Date: Wed, 1 Jun 2016 01:41:30
From: Mitch Golden
To: Jim Naurekas
Subject: Regarding your recent blog post

I have been a longtime supporter and subscriber to FAIR, and so I was quite disappointed to read your blog post of May 29, "538 Sacrifices Integrity to Go After Sanders on Independents" http://fair.org/home/538-sacrifices-integrity-to-go-after-sanders-on-independents/

I note that below your article is the plea "Please remember that respectful communication is the most effective." This was a dictum not obeyed by your article, accusing as you do the 538 writers of "hackery". I think it's more appropriate to give authors with which you disagree the benefit of the doubt, and see if there's a way to interpret what they're saying in a way that doesn't make them look bad.

Your article mentioned 3 pieces in its critique of 538: (1) Silver's prediction that Trump would lose, (2) Enten's piece on "true independents", and (3) "The System Isn't 'Rigged'". Let's look at each in turn.

1) It's odd that you discuss this failed prediction of Silver's without mentioning Silver's own mea culpa on the issue, in which he cops to some of the mistakes you accuse him of making. "How I Acted Like A Pundit And Screwed Up On Donald Trump" http://fivethirtyeight.com/features/how-i-acted-like-a-pundit-and-screwed-up-on-donald-trump/ The existence of such a self-critical piece would tend to weaken the case that he's just a hack. It would also have helped if you had pointed to your own record of predicting that Trump was going to win, rather than retrospecitively pointing out a mistake that many made.

2) What you quote from the article is correct, but it misses the point the article is making. The Sanders campaign has placed a great deal of weight on how it's doing with independents. However, as Enten shows, it's not clear that Sanders will actually come out with a substantial majority of "true independents", as he does with Democratic independents. Yes, he has a lower unfavorable than Clinton at this point, but that's not the same as saying that he is currently "doing well" with "true independents". OTOH, Sanders *is* doing well with Democratic independents. If one buys the argument that many of them will in the end vote for Clinton anyway, even if they had a higher opinion of Sanders, then the strength of the Sanders Campaign's argument is reduced.

In fact, in case one misses the point in this article, one could go back and read a previous piece, "The Hidden Importance Of The Sanders Voter" http://fivethirtyeight.com/features/the-hidden-importance-of-the-bernie-sanders-voter/ fron just 6 days before.
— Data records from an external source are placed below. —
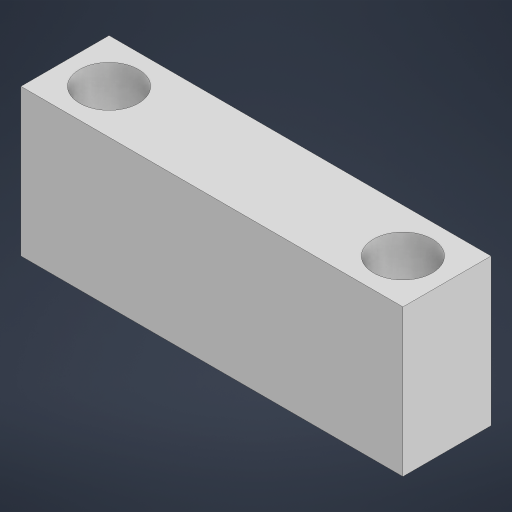
# Autodesk Inventor part: link
Saved by Autodesk Inventor 2024.3 (Build 283343000, 343)
## iProperties
Created: 2024-09-28
Part Number: link
Material: Generic
Document SubType Name: Modeling
Designer: sam
Density: 1 g/cm^3
Appearance: Default
Author: sam
Autodesk Inventor part; units mm, degrees
ref_plane "YZ Plane" through (0, 0, 0) normal (1, 0, 0) x (0, 1, 0)
ref_plane "XZ Plane" through (0, 0, 0) normal (0, 1, 0) x (-1, 0, 0)
ref_plane "XY Plane" through (0, 0, 0) normal (0, 0, 1) x (1, 0, 0)
sketch "Sketch1" plane through (0, 0, 0) normal (0, 1, 0) x (-1, 0, 0)
  line L0 (-6.5, -1.5) -> (6.5, -1.5)
  line L1 (6.5, 3.5) -> (6.5, 3.5)
  line L2 (6.5, 1.5) -> (-6.5, 1.5)
  line L3 (-6.5, 3.5) -> (-6.5, 3.5)
  line L4 (-6.5, -1.5) -> (6.5, 1.5) construction
  line L5 (6.5, -1.5) -> (-6.5, 1.5) construction
  circle A0 centre (5, 0) radius 1
  line L6 (-6.5, 1.5) -> (-6.5, -1.5)
  line L7 (6.5, 1.5) -> (6.5, -1.5)
  line L8 (-6.5, 1.5) -> (-7.5, 1.5)
  circle A1 centre (-5, 0) radius 1
  point P0 (0, 0)
  dimension "d0" = 3
  dimension "d1" = 13
  dimension "d3" = 2
  dimension "d6" = 1.5
  dimension "d8" = 1.5
  dimension "d21" = 2
  dimension "d22" = 1.5
  dimension "d23" = 1.5
  constraints: 18 end point, 4 point on line, 3 perpendicular, 2 centre point, 2 horizontal, 2 midpoint, 2 parallel
  measures "d0" distance of L2.start L0.end
  measures "d1" distance between parallel lines of L3 L1
  measures "d3" diameter of A0
  measures "d6" distance from line of L1 A0.centre
  measures "d8" distance from line of L2 A0.centre
  measures "d21" diameter of A1
  measures "d22" distance from line of L6 A1.centre
  measures "d23" distance from line of L2 A1.centre
extrude "Extrusion1" add sketch "Sketch1" along normal blind 5
body "Solid1"

3) Your last discussion is, unfortunately, worst. You note that Silver and Enten wrote that if Sanders started to win "...you'd likely see the Democratic establishment rush in to try to squash Sanders, much as Republicans did to Newt Gingrich in 2012 after he won South Carolina..." Now Silver and Enten aren't explicit about how the "squashing" is supposed to be taking place, but the rest of the quite makes it pretty clear: the "insiders" are going to campaign for Clinton, helping her in the usual ways people do to help someone they support win votes.

Does this constitute "rigging an election"? You may wish to claim it is, but that would be stretching the language. At any rate, it's quite clear that Enten and Silver don't think so. Nor to I.

On the other hand, Sanders and his supporters HAVE been saying that the closed primary system "disenfrancises" voters, and that this is somehow unfair, especially to him. (See e.g. http://www.vox.com/2016/4/28/11469468/open-primaries-closed-primaries-sanders) It is, therefore, not at all unreasonable for 538 to look into the effect of turning the primary election process into the system which the Sanders campaign advocated: open primaries. And it turns out that doing so doesn't "unrig" the system, because it wasn't rigged to being with.

As I said, I have been reading FAIR for a long time. I am not interested in media that presents one side of the story only, and goes out of its way to persuade rather than inform. Unfortunately, this blog post is on the wrong side of that line.